* How to complete this task
Which lines of the data contain the string "ConstLine"? Show each of them.

================================

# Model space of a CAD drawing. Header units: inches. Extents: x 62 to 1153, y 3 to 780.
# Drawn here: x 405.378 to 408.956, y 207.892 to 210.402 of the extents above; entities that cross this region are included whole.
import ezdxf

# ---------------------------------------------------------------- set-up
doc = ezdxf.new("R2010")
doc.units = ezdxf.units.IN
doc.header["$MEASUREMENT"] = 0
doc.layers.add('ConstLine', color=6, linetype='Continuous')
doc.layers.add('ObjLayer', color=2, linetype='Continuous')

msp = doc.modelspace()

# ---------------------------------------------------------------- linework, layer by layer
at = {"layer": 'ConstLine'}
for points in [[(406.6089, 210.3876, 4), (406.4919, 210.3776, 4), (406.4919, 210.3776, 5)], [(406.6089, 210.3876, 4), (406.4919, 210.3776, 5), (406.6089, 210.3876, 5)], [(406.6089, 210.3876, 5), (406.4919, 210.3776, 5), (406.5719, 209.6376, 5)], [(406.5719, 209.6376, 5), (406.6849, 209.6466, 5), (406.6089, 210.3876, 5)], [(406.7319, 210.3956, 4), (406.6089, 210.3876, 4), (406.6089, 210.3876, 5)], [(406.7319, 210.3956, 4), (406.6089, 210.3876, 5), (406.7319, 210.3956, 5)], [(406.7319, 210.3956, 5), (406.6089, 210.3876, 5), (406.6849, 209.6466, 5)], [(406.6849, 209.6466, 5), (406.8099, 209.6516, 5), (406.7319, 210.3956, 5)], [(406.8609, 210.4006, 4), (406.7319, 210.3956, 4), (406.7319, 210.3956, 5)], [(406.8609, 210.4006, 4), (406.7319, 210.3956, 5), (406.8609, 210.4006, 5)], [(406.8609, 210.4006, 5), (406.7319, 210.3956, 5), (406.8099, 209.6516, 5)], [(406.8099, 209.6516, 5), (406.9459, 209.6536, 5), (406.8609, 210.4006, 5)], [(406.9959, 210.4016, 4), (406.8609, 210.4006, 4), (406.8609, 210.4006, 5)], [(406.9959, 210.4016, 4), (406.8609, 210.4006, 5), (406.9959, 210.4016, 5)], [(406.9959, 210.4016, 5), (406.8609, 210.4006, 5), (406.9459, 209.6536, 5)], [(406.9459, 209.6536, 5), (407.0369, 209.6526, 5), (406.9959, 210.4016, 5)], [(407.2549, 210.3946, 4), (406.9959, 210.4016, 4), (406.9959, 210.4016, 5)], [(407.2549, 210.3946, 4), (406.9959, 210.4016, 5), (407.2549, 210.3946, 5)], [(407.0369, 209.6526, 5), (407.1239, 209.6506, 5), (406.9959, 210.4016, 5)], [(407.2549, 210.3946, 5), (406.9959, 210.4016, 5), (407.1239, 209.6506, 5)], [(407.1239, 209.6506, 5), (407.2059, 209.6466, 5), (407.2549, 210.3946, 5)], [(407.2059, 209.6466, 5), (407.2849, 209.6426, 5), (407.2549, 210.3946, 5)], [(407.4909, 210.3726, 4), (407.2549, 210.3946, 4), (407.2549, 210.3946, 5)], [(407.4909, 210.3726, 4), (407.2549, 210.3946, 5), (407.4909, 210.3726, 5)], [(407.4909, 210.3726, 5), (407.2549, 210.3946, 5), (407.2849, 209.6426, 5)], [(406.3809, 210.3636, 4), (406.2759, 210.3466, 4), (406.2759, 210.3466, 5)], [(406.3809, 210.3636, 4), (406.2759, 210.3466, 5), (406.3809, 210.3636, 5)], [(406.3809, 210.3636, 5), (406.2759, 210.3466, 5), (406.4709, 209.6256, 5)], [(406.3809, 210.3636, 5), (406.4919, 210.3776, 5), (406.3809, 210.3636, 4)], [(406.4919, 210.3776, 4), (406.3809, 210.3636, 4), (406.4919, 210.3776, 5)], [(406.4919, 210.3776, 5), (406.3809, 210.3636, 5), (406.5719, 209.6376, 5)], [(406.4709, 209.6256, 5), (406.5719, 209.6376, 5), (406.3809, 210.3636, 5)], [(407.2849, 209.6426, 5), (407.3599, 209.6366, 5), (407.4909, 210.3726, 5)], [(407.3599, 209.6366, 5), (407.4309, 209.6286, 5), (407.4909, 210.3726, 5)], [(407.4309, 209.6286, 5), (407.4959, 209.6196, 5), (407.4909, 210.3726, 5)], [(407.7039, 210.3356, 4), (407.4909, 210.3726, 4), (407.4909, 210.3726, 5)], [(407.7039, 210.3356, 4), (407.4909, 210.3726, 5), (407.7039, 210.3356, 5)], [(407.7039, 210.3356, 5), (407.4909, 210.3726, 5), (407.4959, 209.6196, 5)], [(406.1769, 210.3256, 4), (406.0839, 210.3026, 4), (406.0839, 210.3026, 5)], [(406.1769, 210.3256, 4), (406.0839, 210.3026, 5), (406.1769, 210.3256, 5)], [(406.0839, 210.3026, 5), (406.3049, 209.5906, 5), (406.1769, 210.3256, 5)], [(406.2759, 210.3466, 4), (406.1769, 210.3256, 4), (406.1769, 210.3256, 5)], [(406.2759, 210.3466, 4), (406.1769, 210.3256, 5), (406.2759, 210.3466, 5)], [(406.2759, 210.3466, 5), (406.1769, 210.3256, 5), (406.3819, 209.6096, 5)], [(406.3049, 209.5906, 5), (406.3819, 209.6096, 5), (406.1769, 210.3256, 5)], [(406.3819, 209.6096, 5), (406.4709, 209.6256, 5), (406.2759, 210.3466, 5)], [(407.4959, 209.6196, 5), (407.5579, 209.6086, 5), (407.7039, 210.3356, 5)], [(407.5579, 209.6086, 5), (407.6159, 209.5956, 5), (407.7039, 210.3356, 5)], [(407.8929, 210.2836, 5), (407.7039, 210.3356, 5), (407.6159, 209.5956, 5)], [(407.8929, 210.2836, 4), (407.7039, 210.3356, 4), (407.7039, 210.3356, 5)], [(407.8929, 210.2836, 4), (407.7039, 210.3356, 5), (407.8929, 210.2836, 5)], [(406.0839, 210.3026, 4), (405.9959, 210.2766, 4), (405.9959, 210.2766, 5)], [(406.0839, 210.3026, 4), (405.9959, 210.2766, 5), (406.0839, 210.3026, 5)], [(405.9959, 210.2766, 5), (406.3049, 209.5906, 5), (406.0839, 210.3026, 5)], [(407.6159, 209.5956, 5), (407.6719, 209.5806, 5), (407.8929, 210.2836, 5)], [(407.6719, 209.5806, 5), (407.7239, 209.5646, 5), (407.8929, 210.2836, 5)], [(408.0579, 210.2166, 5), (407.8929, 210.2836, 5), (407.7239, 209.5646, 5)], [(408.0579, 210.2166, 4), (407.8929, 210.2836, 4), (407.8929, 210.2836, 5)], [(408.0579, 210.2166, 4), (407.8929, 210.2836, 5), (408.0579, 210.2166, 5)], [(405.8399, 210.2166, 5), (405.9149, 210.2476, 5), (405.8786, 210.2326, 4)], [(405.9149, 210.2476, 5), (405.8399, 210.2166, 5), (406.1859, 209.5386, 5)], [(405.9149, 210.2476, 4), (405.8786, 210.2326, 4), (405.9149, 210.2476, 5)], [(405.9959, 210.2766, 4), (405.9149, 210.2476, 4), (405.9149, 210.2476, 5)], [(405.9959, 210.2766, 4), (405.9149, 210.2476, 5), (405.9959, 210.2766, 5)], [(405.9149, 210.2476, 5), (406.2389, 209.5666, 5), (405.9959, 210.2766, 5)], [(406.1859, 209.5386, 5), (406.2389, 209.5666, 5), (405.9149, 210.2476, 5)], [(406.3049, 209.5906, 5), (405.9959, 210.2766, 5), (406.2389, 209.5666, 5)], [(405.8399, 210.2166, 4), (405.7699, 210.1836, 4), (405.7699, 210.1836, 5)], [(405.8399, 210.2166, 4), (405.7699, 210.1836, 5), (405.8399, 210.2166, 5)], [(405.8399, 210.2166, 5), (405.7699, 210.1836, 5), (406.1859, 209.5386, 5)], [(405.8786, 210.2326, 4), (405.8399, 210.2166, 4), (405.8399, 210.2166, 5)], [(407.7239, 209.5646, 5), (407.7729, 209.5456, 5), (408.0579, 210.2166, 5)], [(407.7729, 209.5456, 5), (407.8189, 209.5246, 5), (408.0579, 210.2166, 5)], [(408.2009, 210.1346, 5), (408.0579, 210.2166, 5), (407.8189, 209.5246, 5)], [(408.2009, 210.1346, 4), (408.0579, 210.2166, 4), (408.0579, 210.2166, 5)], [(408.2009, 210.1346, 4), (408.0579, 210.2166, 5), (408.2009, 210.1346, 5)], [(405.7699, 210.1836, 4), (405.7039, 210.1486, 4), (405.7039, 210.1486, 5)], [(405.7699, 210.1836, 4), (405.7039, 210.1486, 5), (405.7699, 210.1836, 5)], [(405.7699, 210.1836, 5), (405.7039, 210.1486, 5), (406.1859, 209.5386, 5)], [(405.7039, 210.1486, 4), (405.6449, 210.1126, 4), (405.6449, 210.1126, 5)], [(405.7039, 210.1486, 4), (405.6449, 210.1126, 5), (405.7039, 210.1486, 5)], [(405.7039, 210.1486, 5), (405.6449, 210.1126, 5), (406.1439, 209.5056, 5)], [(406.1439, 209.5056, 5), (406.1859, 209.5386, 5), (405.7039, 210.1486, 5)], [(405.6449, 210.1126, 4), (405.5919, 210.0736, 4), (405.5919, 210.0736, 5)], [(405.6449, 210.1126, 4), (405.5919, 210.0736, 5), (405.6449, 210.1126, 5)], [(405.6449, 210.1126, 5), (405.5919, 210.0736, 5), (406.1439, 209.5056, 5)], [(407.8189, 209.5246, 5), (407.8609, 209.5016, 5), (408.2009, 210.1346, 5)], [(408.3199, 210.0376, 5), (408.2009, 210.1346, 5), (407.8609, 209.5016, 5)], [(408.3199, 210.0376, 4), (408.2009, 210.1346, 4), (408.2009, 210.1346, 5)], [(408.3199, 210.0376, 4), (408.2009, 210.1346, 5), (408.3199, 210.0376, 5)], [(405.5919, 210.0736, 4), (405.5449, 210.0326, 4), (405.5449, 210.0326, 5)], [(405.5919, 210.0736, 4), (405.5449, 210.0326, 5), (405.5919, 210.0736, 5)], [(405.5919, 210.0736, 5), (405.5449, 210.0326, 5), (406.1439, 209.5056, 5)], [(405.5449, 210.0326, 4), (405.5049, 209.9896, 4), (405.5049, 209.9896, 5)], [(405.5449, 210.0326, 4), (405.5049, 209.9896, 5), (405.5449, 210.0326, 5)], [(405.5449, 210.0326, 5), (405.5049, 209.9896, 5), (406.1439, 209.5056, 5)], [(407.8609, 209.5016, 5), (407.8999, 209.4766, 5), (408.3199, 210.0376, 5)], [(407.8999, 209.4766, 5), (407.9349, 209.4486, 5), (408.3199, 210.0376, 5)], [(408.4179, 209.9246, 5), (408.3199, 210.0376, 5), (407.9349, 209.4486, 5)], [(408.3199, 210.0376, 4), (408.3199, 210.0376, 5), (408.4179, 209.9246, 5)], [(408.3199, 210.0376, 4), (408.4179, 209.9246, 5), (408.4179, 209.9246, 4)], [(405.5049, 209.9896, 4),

================================

* Response area
doc.layers.add('ConstLine', color=6, linetype='Continuous')
at = {"layer": 'ConstLine'}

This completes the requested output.